Because failure of the parsing engine at some point is highly probable, perform all Name and Address processing with error processing in mind. Use status codes to control the data mapping. Since the criteria for quality vary between applications, numerous flags are available to help you determine the quality of a particular record. For countries with postal matching support, the Is Good Group flag is the best measure of quality because it verifies that an address is a valid entry in a postal database. For CASS or SERP certified mailings, this flag may be the best criterion for acceptance or rejection of a record.
If you do not perform postal reporting, an address does not have to be found in a postal database to be acceptable. For example, it may not be possible to locate street intersection addresses or addresses using building names may not be locatable in a postal database, but they may still be deliverable. If the parse status is good, some benefit will be derived from standardization of address elements. If the Is Good Group flag indicates postal matching failure, several parser warning/error flags are also available to help determine the parsing status. The Is Parsed flag indicates success or failure of the parsing process. If Is Parsed indicates parsing success, you may still wish to check the parser warning flags, which indicate unusual data. If parser warnings are present, it may be desirable to check those records manually. If Is Parsed indicates parsing failure, preservation of your original data is necessary to prevent data loss.
A wide range of input roles is available to match the granularity of input data. Line based input roles are available for line oriented input, and discrete roles are available for atomic attributes such as First Name. Whenever possible, use discrete roles because they give the parser more information about the data content, and result in better parsing. Some of the discrete input roles overlap less discrete roles; for example, the combination of city, state, and postal code redefines the Last Line role. Such redefining assignments should be avoided. Where they occur, the more discrete roles take precedence because they are more specific.

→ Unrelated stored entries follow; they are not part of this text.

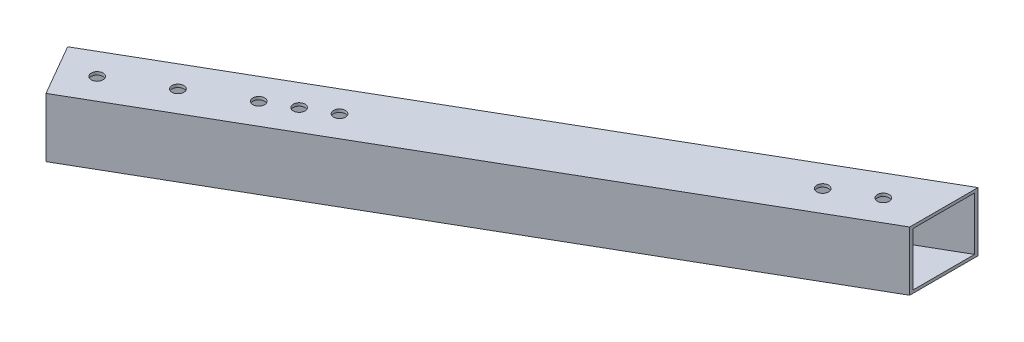
from build123d import *

# Parameters (mm, degrees)
SKETCH_1_R          = 2
EXTRUDE_1_DEPTH     = 20
SKETCH_2_W          = 18
SKETCH_2_H          = 18
CUT_EXTRUDE_1_DEPTH = 227.406099505


with BuildPart() as part:
    # 草图1 → 凸台-拉伸1 (new body)
    with BuildSketch(Plane(origin=(0, 0, 0), x_dir=(1, 0, 0), z_dir=(0, 1, 0))):
        Polygon((98.036220612, 64.925160964), (98.036220612, 41.831150196), (-87.17089272, -65.098226542), (-97.17089272, -47.777718466), align=None)
        with Locations(Location((-83.481517274, -51.486680212, 0), (0, 0, 270))):
            Circle(SKETCH_1_R, mode=Mode.SUBTRACT)
        with Locations(Location((-66.161009198, -41.486680212, 0), (0, 0, 270))):
            Circle(SKETCH_1_R, mode=Mode.SUBTRACT)
        with Locations(Location((-48.86962253, -31.437972504, 0), (0, 0, 270))):
            Circle(SKETCH_1_R, mode=Mode.SUBTRACT)
        with Locations(Location((-40.209368493, -26.437972504, 0), (0, 0, 270))):
            Circle(SKETCH_1_R, mode=Mode.SUBTRACT)
        with Locations(Location((-31.549114455, -21.437972504, 0), (0, 0, 270))):
            Circle(SKETCH_1_R, mode=Mode.SUBTRACT)
        with Locations(Location((72.055458499, 38.37815558, 0), (0, 0, 270))):
            Circle(SKETCH_1_R, mode=Mode.SUBTRACT)
        with Locations(Location((85.045839556, 45.87815558, 0), (0, 0, 270))):
            Circle(SKETCH_1_R, mode=Mode.SUBTRACT)
    extrude(amount=EXTRUDE_1_DEPTH)

    # 草图2 → 切除-拉伸1 (cut, through all)
    with BuildSketch(Plane(origin=(-93.566528503, 0, 54.020660418), x_dir=(0.500000000000001, 0, 0.8660254037844382), z_dir=(-0.866025403784438, 0, 0.5000000000000009))):
        with Locations((2.791271567, 10)):
            Rectangle(SKETCH_2_W, SKETCH_2_H)
    extrude(amount=-CUT_EXTRUDE_1_DEPTH, mode=Mode.SUBTRACT)


solid = part.part
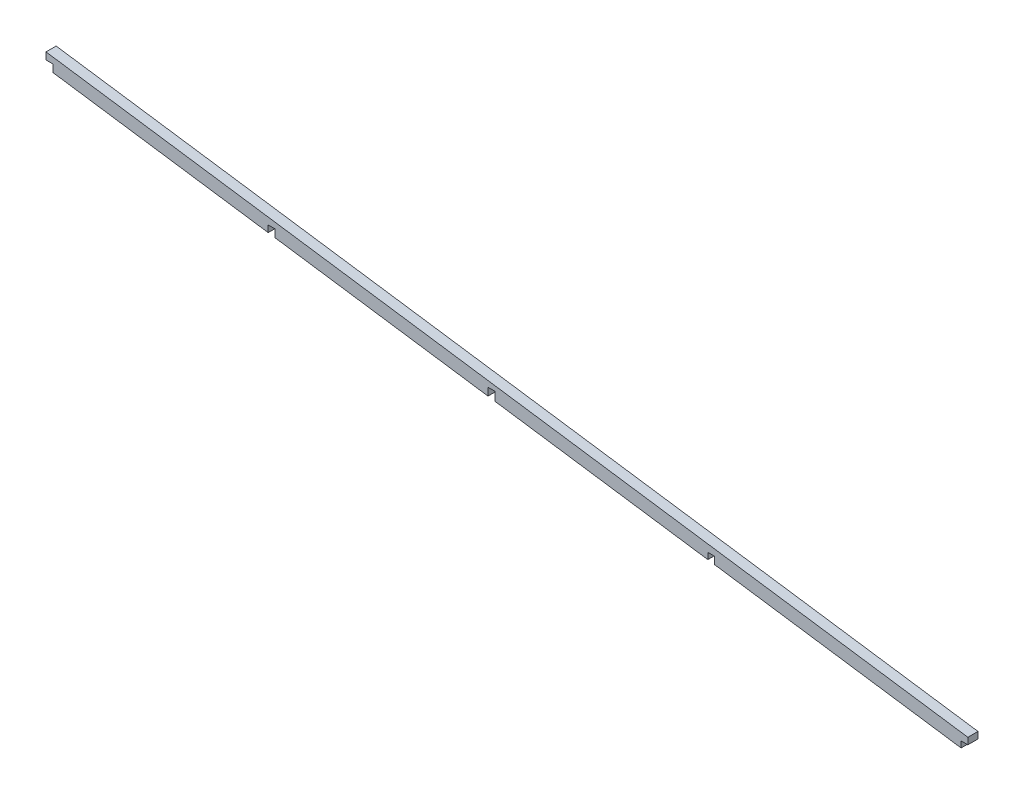
from build123d import *

# Parameters (mm, degrees)
EXTRUDE_2_DEPTH = 3


with BuildPart() as part:
    # Model → 凸台-拉伸2 (new body)
    with BuildSketch(Plane.XY):
        Polygon((23.041834876, 10.857458756), (86.741810061, 1.678339582), (86.741810061, 3.652674455), (88.741809775, 3.652674455), (88.741809775, 1.390172931), (151.741786892, -7.686781114), (151.741786892, -5.415325545), (153.741786607, -5.415325545), (153.741786607, -7.974940142), (216.741763723, -17.052091808), (216.741763723, -15.187325545), (218.741763438, -15.187325545), (218.741763438, -17.340255416), (281.741740555, -26.417407082), (291.638157863, -27.843300947), (291.638157863, -26.033172152), (293.638157578, -26.033172152), (293.638157578, -24.10125334), (21.041834876, 15.121214778), (21.041834876, 13.052512949), (23.041821305, 13.052512949), align=None)
    extrude(amount=EXTRUDE_2_DEPTH)


solid = part.part

Map discrete Name and Address attributes whose original value you want to retain directly to the target (map them around the Name and Address operator). This is very common for first, middle, and last names because it is not a good practice to change a first name to a standardized first name (for example, changing Peggy to Margaret). This direct mapping prevents losing name data if a personal name is parsed as a firm name. To obtain a standardized first or middle name for matching and merging (data deduplication), you can map the same attributes into the Name and Address operator. However, only the recoded outputs, such as title, gender, or standardized name, are used as output from the operator. There is no advantage to using first, middle, or last name output because it mirrors the input. This recommendation only applies to discrete data where the first, middle, and last name is already known.
Consider using the splitter operator to map good records to one target and bad records to another target. If the percentage of bad records is very low, or if the data set is small, you may consider manual correction of bad records. You can flag each record manually corrected record for later mapping to the target schema. If the IS_GOOD_GRP flag is F and the records are mapped to a special target for manual correction, you can map additional components that indicate the success level of the postal match. Components are available to indicate matching success at the city, street name, street number range, or street component (for example, the pre-directional, post-directional, or street type) level.